L’on se souvient que le Président de l’Union des Forces Démocratiques de Guinée y avait conféré avec près d’une quarantaine d’agents administratifs, tous s’occupant des dossiers de demande d’asile de nos compatriotes. C’est donc à l’issue de cette rencontre, qui avait permis aux fonctionnaires d’écouter et de comprendre la situation d’oppression que fuient nos frères et sœurs que certains de nos concitoyens viennent d’être libérés, alors que les autorités belges s’apprêtaient à les reconduire vers la Guinée. Leurs avocats se sont saisis de la pertinence et de la crédibilité des informations du chef de file de l’opposition guinéenne pour plaider leur sort de nouveau, éliminant de facto la menace d’extradition.

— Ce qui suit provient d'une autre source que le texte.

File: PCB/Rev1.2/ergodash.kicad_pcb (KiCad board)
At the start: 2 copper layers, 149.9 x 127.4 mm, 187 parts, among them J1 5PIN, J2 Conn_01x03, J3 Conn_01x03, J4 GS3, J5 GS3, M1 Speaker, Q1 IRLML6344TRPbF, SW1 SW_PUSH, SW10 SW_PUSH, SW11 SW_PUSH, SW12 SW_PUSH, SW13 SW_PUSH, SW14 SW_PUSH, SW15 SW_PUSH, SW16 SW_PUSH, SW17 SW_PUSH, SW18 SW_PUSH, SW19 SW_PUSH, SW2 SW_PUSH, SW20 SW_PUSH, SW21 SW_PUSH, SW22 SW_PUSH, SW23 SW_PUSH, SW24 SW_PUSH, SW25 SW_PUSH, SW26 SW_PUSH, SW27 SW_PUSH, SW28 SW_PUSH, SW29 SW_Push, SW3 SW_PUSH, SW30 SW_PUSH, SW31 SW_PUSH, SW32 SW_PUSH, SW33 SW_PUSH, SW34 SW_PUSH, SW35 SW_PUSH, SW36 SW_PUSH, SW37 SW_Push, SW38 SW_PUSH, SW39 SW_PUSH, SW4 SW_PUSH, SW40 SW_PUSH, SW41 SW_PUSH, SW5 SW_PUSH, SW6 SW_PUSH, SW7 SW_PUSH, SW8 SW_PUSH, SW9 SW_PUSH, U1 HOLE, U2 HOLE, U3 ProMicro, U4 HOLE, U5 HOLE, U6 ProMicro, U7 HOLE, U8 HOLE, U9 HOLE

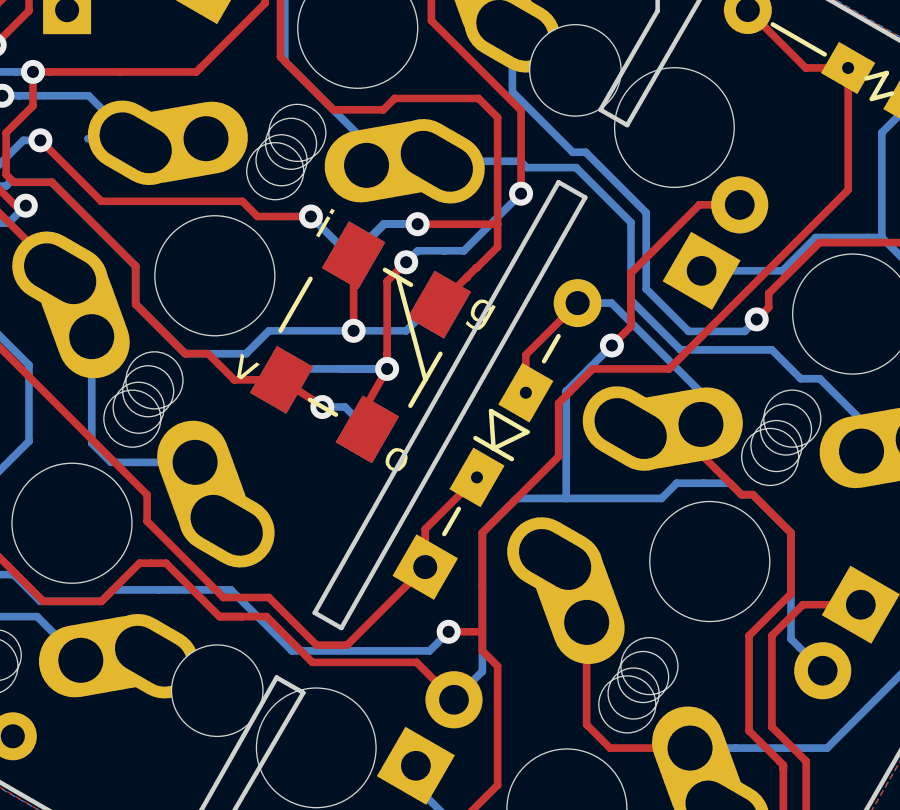
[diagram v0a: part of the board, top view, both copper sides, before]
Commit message: Increase thickness of connection to optional thumb pads and update EESchema symbols
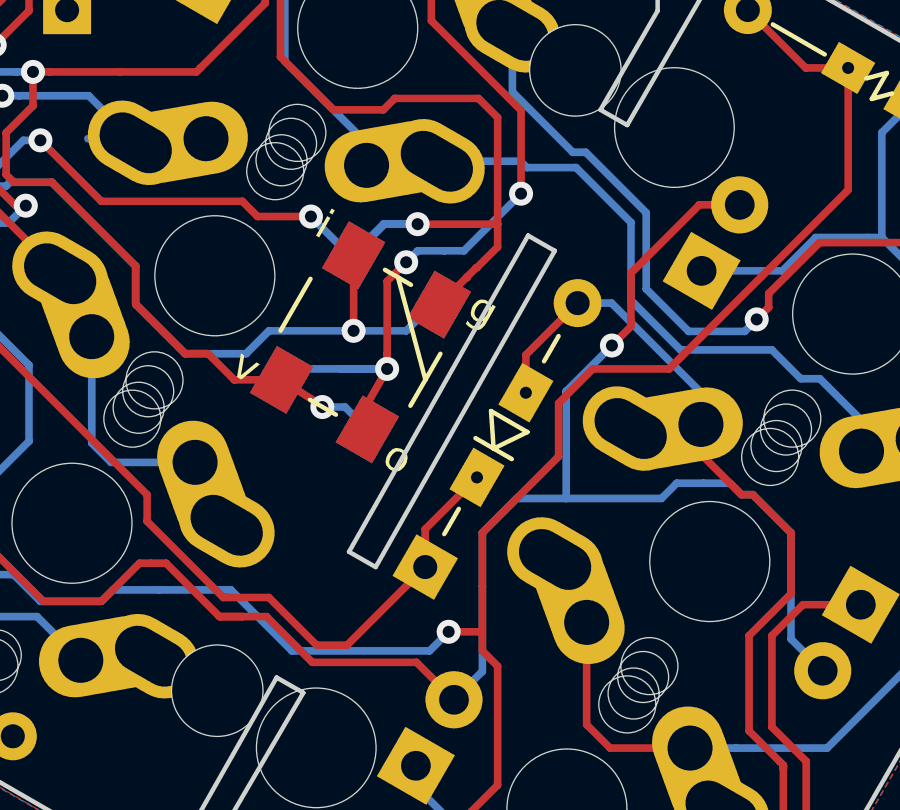
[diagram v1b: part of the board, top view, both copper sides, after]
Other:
- outline, holes or cut-outs redrawn

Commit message: Convert to Kicad 6
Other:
- net class Default removed

En liberté depuis quelques jours, ils se disent reconnaissant envers Cellou Dalein Diallo dont la démarche a permis de rectifier certains mensonges en leur garantissant une immédiate mise en liberté.

C’est avec une fierté juste que Thierno Moussa Bah (ressortissant Guinéo-Belge organisateur de la rencontre entre le Président et les fonctionnaires de l’Office d’Immigration) concède l’opportunité de la démarche, se félicite et félicite le Président de l’UFDG pour ce résultat promptement obtenu.

Avec cette issue heureuse, la preuve est faite, une fois de plus, que Cellou n’a pas besoin d’attendre d’être Président pour être utile à ses compatriotes. Corneille disait quoi déjà ? Aux âmes bien nées la valeur n’attend point le nombre d’années ? Nous renchérissons : Au leader bien à l’écoute de ses mandants, l’utilité n’attend point le nombre de mandats.